# Why are the D* and E* acronyms used?



## camo (Apr 15, 2010)

Why are the D* and E* acronyms used? Seems easier to type direct and dish. Hate hitting the shift key.


----------



## Carl Spock (Sep 3, 2004)

History. Tradition.

It dates back to the early days of satellite television when there were Primestar and Echostar. It was P*, E* and D*. This is also why Dish Network is E*.


----------



## P Smith (Jul 25, 2002)

Because of http://www.dbstalk.com/showthread.php?t=46315&highlight=D*+E*+acronyms

*Search *is wonderful feature here !


----------



## matt (Jan 12, 2010)

I actually saw a primestar dish the other day. It's over by my drive up ATM. Maybe I will snap a pic next time.


----------



## la24philly (Mar 9, 2010)

because its easier to type 1 letter then a word


----------



## Stewart Vernon (Jan 7, 2005)

Just to be anally retentive this afternoon...

D* and E* are not acronyms... they are abbreviations 

And aside from that sentence above, I prefer to type out Dish and DirecTV. That way no confusion results.


----------



## James Long (Apr 17, 2003)

camo said:


> Why are the D* and E* acronyms used? Seems easier to type direct and dish. Hate hitting the shift key.


Just be glad we're not calling them Dave and Charlie. 

I still get to press the shift key as I spell them DirecTV and DISH. The D* and E* shortcuts are becoming less popular. Too many people thinking D* is DISH. To alleviate confusion most spell out the names now. Besides, we have the bandwidth.


----------



## Stuart Sweet (Jun 19, 2006)

And in fact, the marketing department of my satellite provider told me that the proper usage is DIRECTV, not DirecTV. The ™ is not required when used in blog posts but may be typed as DIRECTV(TM) for those not comfortable with using the ™ character.

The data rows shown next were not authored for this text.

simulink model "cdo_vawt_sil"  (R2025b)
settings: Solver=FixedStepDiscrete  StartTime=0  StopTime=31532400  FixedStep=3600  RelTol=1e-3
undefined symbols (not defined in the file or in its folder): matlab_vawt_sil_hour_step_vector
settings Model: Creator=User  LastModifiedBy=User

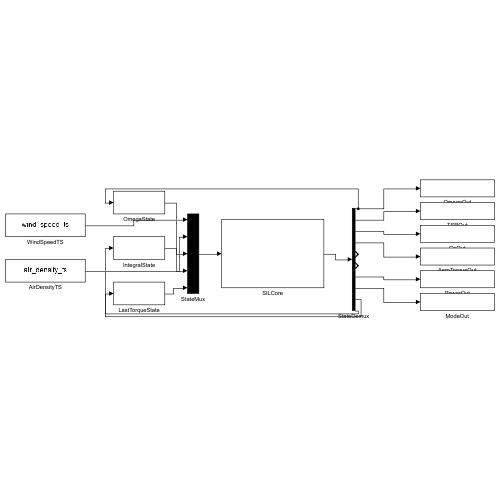
[thumbnail: Simulink's stored preview of the top-level diagram]
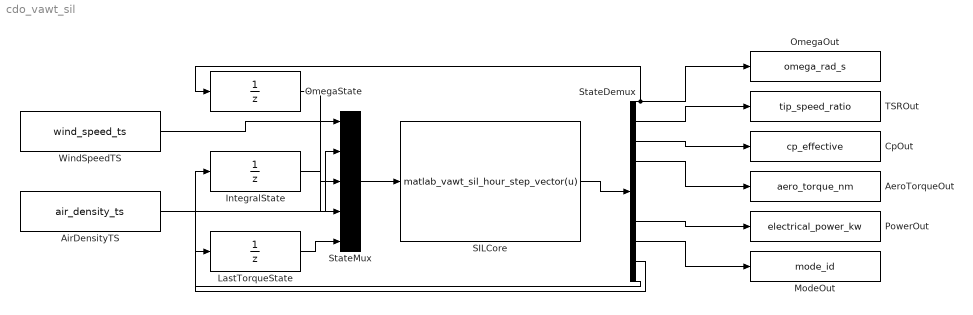
== system cdo_vawt_sil ==
  AeroTorqueOut : ToWorkspace  VariableName=aero_torque_nm  SaveFormat=Structure With Time  SampleTime=-1
  AirDensityTS : FromWorkspace  VariableName=air_density_ts
  CpOut : ToWorkspace  VariableName=cp_effective  SaveFormat=Structure With Time  SampleTime=-1
  IntegralState : UnitDelay  SampleTime=-1  HasFrameUpgradeWarning=on
  LastTorqueState : UnitDelay  SampleTime=-1  HasFrameUpgradeWarning=on
  ModeOut : ToWorkspace  VariableName=mode_id  SaveFormat=Structure With Time  SampleTime=-1
  OmegaOut : ToWorkspace  VariableName=omega_rad_s  SaveFormat=Structure With Time  SampleTime=-1
  OmegaState : UnitDelay  SampleTime=-1  HasFrameUpgradeWarning=on
  PowerOut : ToWorkspace  VariableName=electrical_power_kw  SaveFormat=Structure With Time  SampleTime=-1
  SILCore : MATLABFcn  MATLABFcn=matlab_vawt_sil_hour_step_vector(u)
  StateDemux : Demux  Outputs=10
  StateMux : Mux  Inputs=5
  TSROut : ToWorkspace  VariableName=tip_speed_ratio  SaveFormat=Structure With Time  SampleTime=-1
  WindSpeedTS : FromWorkspace  VariableName=wind_speed_ts
  wires:
  WindSpeedTS/1 -> StateMux/1
  AirDensityTS/1 -> StateMux/2
  OmegaState/1 -> StateMux/3
  IntegralState/1 -> StateMux/4
  LastTorqueState/1 -> StateMux/5
  StateMux/1 -> SILCore/1
  SILCore/1 -> StateDemux/1
  StateDemux/1 -> OmegaState/1, OmegaOut/1
  StateDemux/9 -> IntegralState/1
  StateDemux/10 -> LastTorqueState/1
  StateDemux/2 -> TSROut/1
  StateDemux/3 -> CpOut/1
  StateDemux/4 -> AeroTorqueOut/1
  StateDemux/7 -> PowerOut/1
  StateDemux/8 -> ModeOut/1
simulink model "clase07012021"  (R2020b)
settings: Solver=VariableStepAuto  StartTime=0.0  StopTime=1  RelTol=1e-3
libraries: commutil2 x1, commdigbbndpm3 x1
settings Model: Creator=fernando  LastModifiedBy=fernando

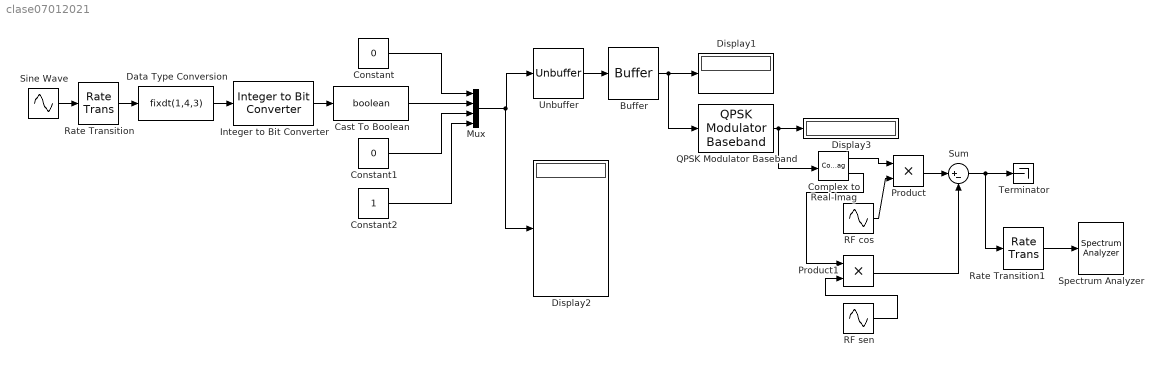
== system clase07012021 ==
  Buffer : Buffer  N=2  OutputFrames=off
  Cast To Boolean : DataTypeConversion  OutDataTypeStr=boolean
  Complex to Real-Imag : ComplexToRealImag
  Constant : Constant  Value=0  OutDataTypeStr=boolean
  Constant1 : Constant  Value=0  OutDataTypeStr=boolean
  Constant2 : Constant  OutDataTypeStr=boolean
  Data Type Conversion : DataTypeConversion  OutDataTypeStr=fixdt(1,4,3)
  Display1 : Display
  Display2 : Display
  Display3 : Display
  Integer to Bit Converter : commutil2/Integer to Bit Converter  nbits=4  signedInputValues=Unsigned  bitOrder=MSB first  outDtype=Inherit via internal rule
  Mux : Mux
  Product : Product
  Product1 : Product
  QPSK Modulator Baseband : commdigbbndpm3/QPSK Modulator Baseband  InType=Bit  Enc=Gray  Ph=pi/4  outDtype=double  outWordLen=16  outUDDataType=sfix(16)  outFracLenMode=Best precision  outFracLen=15  outDataTypeStr=double  outLastDataTypeStr=double
      settings: SourceProductName=Communications Toolbox
  RF cos : Sin  Frequency=2*pi/2  SampleTime=0
  RF sen : Sin  Frequency=2*pi*400  SampleTime=0
  Rate Transition : RateTransition  OutPortSampleTime=1/4000
  Rate Transition1 : RateTransition  OutPortSampleTime=1/2e6
  Sine Wave : Sin  Frequency=2*pi*400  SampleTime=0
  Spectrum Analyzer : SpectrumAnalyzer
  Sum : Sum  Inputs=|+-
  Terminator : Terminator
  Unbuffer : Unbuffer
  wires:
  Constant2/1 -> Mux/4
  Rate Transition/1 -> Data Type Conversion/1
  Constant1/1 -> Mux/3
  Sine Wave/1 -> Rate Transition/1
  Data Type Conversion/1 -> Integer to Bit Converter/1
  Integer to Bit Converter/1 -> Cast To Boolean/1
  Mux/1 -> Display2/1, Unbuffer/1
  Constant/1 -> Mux/1
  Cast To Boolean/1 -> Mux/2
  QPSK Modulator Baseband/1 -> Display3/1, Complex to Real-Imag/1
  RF cos/1 -> Product/2
  Complex to Real-Imag/1 -> Product/1
  Complex to Real-Imag/2 -> Product1/1
  Rate Transition1/1 -> Spectrum Analyzer/1
  RF sen/1 -> Product1/2
  Product/1 -> Sum/1
  Product1/1 -> Sum/2
  Sum/1 -> Rate Transition1/1, Terminator/1
  Unbuffer/1 -> Buffer/1
  Buffer/1 -> QPSK Modulator Baseband/1, Display1/1

Or, as I said, it may be omitted in blog posts regarding the company but they have language they use for the bottom of press releases and other media. 

(How's that for retentive, Mr. Vernon?)


----------



## camo (Apr 15, 2010)

James Long said:


> Just be glad we're not calling them Dave and Charlie.
> 
> I still get to press the shift key as I spell them DirecTV and DISH. The D* and E* shortcuts are becoming less popular. Too many people thinking D* is DISH. To alleviate confusion most spell out the names now. Besides, we have the bandwidth.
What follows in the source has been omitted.